Exercise description: Filter the records below for the word "styles". Keep each line that has it.

Data to process:

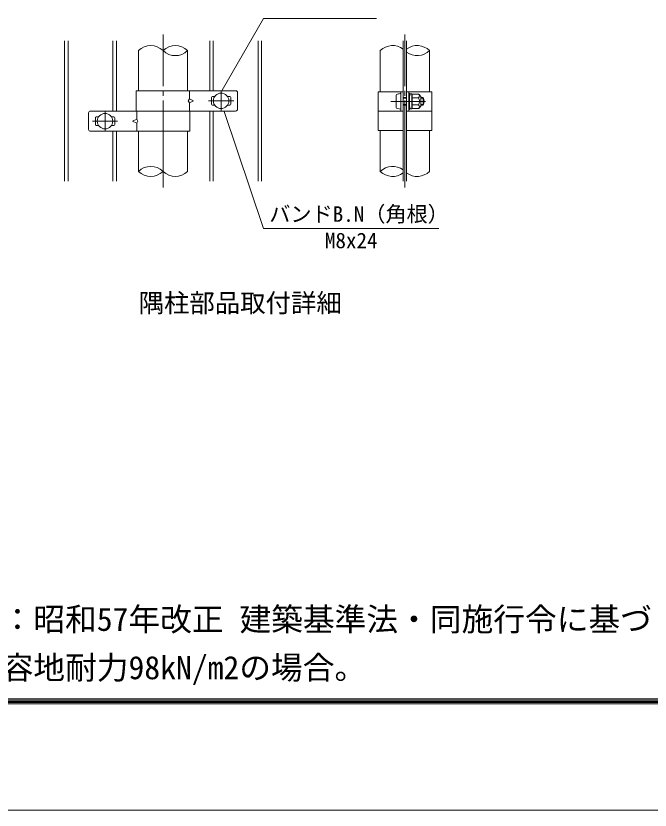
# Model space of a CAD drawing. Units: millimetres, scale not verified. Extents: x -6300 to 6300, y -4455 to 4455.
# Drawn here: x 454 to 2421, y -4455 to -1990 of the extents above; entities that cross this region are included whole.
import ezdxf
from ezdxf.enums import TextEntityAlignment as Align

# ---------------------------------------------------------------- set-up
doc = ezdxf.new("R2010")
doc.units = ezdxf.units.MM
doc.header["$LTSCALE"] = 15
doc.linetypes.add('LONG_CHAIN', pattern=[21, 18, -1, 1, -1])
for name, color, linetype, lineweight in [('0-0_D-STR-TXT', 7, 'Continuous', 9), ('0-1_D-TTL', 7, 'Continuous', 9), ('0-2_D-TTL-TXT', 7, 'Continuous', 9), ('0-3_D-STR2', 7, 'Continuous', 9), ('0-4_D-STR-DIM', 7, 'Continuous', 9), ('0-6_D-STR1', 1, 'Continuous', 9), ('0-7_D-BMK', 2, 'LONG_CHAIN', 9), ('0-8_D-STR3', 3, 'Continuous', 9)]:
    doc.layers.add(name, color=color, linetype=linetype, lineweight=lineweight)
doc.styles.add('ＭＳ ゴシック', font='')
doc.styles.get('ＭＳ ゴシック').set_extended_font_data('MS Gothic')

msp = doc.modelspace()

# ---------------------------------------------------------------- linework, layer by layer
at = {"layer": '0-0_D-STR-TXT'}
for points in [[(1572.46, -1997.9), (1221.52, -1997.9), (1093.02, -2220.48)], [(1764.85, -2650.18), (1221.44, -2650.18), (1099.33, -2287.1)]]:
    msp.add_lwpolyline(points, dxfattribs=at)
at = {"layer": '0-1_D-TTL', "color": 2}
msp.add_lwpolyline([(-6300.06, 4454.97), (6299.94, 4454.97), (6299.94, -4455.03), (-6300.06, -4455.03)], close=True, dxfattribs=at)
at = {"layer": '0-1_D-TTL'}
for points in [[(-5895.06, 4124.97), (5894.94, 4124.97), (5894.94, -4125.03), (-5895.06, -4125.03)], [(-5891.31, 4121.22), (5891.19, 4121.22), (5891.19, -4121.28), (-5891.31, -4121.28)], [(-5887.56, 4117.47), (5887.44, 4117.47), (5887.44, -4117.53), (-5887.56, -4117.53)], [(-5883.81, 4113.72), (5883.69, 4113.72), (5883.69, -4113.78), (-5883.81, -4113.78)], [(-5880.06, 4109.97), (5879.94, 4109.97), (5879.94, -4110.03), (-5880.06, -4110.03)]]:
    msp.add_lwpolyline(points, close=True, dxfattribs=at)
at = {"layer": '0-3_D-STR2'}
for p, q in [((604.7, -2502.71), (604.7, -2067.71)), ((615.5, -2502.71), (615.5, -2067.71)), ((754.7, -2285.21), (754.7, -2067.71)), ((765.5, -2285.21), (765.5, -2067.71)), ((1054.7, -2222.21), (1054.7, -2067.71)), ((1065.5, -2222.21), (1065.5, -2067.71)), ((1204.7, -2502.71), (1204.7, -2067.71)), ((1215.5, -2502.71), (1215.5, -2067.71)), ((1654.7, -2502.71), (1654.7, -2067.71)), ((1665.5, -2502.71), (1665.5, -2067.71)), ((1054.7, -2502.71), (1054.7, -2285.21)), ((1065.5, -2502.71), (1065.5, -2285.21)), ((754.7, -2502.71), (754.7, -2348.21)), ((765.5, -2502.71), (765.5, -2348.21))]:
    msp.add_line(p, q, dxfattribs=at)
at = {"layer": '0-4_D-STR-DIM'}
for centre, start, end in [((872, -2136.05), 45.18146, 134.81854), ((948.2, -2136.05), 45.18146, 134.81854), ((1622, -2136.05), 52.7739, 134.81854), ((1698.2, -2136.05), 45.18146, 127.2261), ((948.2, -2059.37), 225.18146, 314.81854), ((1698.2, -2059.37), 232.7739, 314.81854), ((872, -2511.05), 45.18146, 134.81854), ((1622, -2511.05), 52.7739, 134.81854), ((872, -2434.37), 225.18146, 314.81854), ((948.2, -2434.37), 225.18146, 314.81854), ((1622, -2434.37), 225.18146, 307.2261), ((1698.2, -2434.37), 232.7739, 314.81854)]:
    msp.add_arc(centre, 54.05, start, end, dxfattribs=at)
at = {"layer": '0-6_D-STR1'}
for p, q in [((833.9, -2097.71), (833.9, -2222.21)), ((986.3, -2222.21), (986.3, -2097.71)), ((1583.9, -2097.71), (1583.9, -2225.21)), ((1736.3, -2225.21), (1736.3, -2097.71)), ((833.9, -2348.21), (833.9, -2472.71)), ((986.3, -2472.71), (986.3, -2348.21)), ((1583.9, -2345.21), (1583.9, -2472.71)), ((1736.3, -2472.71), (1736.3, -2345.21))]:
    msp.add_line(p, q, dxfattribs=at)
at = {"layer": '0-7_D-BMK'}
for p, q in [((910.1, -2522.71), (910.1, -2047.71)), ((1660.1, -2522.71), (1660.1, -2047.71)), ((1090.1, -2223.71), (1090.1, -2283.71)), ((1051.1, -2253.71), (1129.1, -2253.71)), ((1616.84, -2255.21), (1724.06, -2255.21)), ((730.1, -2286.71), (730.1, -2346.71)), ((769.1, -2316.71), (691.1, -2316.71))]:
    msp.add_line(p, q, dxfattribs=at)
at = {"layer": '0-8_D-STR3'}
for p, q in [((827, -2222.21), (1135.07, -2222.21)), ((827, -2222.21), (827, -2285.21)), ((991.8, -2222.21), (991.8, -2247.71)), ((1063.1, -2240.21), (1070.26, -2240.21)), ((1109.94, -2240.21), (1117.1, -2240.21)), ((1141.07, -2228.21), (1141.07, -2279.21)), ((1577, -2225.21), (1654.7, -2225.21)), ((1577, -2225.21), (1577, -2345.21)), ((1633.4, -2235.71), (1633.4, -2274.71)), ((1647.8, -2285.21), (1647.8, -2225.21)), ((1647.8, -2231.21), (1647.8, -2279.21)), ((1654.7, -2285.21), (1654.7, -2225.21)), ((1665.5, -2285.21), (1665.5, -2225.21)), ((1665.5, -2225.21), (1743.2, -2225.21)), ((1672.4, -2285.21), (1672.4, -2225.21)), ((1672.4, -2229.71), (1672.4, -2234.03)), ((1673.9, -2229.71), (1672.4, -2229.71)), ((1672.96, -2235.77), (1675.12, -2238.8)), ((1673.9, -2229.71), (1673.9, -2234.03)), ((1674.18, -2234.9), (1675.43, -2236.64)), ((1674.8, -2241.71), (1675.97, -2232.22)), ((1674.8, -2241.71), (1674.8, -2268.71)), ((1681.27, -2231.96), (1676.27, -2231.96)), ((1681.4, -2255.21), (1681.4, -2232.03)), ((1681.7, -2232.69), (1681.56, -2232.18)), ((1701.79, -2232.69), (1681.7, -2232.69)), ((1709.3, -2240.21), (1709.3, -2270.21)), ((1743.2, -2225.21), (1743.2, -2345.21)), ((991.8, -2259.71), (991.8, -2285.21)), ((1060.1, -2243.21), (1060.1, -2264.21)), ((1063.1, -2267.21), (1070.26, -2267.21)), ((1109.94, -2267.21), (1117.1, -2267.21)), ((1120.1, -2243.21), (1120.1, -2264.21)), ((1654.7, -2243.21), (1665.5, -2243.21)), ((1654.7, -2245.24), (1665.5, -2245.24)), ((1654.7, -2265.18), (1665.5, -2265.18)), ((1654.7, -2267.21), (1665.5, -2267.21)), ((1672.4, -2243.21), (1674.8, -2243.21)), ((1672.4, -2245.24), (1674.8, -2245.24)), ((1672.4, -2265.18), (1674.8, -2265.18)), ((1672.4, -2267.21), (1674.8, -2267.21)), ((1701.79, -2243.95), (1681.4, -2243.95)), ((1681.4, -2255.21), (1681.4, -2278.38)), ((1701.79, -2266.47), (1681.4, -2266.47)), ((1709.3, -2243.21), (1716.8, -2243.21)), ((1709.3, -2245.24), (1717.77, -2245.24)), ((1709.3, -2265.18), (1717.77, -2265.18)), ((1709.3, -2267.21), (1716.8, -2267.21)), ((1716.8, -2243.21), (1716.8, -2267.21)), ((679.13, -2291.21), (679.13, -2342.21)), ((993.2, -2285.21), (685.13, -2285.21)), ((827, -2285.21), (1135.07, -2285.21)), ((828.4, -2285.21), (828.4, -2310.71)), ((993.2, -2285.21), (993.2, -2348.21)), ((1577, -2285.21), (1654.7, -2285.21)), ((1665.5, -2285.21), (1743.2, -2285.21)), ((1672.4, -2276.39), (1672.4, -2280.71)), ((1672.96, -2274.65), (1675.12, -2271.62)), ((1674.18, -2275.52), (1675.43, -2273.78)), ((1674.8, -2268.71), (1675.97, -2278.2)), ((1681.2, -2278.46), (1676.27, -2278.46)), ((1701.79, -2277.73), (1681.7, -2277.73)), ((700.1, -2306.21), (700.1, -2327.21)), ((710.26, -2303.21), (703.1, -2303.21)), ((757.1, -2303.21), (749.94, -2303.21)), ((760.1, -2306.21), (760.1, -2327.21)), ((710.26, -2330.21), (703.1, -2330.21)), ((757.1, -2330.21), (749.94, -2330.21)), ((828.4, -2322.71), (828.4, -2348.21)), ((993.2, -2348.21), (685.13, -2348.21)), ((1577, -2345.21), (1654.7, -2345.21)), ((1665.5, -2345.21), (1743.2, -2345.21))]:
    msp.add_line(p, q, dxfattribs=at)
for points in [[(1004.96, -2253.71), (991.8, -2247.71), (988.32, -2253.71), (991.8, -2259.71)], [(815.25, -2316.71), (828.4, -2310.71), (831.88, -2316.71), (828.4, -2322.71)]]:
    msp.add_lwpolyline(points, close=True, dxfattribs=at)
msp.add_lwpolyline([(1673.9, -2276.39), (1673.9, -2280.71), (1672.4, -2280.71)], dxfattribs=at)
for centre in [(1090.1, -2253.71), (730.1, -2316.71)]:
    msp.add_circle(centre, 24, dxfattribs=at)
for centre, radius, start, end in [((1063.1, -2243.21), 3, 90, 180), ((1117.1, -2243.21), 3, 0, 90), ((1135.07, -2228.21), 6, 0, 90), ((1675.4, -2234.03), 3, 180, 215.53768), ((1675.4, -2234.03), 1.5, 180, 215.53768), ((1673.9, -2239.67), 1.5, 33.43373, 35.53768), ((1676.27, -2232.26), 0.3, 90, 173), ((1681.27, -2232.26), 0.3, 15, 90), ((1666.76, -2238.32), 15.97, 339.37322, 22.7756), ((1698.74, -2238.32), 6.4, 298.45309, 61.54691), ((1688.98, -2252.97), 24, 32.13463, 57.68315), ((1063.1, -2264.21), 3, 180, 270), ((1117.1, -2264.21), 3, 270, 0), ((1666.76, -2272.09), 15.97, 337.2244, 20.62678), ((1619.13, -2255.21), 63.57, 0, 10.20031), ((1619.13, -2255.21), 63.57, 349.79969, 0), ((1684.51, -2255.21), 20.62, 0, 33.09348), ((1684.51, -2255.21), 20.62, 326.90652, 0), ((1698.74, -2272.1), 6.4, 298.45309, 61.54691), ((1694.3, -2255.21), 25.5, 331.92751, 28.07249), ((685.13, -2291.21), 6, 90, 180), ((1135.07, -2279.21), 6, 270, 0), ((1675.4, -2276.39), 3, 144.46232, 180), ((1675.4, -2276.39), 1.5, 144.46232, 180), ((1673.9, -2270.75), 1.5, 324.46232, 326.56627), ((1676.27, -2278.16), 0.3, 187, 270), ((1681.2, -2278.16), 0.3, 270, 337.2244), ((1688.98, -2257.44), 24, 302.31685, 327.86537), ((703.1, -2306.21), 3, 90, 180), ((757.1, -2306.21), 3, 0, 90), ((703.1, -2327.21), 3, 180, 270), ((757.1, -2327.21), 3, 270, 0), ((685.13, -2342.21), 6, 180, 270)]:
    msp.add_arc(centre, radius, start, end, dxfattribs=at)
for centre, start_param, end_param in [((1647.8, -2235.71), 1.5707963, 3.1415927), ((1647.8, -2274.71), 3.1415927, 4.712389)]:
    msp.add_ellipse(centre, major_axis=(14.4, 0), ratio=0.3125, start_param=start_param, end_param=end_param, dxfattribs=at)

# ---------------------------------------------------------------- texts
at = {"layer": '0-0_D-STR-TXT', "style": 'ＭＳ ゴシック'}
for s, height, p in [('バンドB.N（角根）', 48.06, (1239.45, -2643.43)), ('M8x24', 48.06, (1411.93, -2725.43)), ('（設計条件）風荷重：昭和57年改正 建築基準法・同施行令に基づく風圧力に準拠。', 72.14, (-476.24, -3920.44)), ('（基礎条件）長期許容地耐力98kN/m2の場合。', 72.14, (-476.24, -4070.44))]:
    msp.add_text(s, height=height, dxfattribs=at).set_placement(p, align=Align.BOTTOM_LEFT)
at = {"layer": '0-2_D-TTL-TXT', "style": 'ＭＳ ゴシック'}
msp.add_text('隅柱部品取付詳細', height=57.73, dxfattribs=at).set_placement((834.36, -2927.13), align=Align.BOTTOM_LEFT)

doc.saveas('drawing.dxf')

Task response:
doc.styles.add('ＭＳ ゴシック', font='')
doc.styles.get('ＭＳ ゴシック').set_extended_font_data('MS Gothic')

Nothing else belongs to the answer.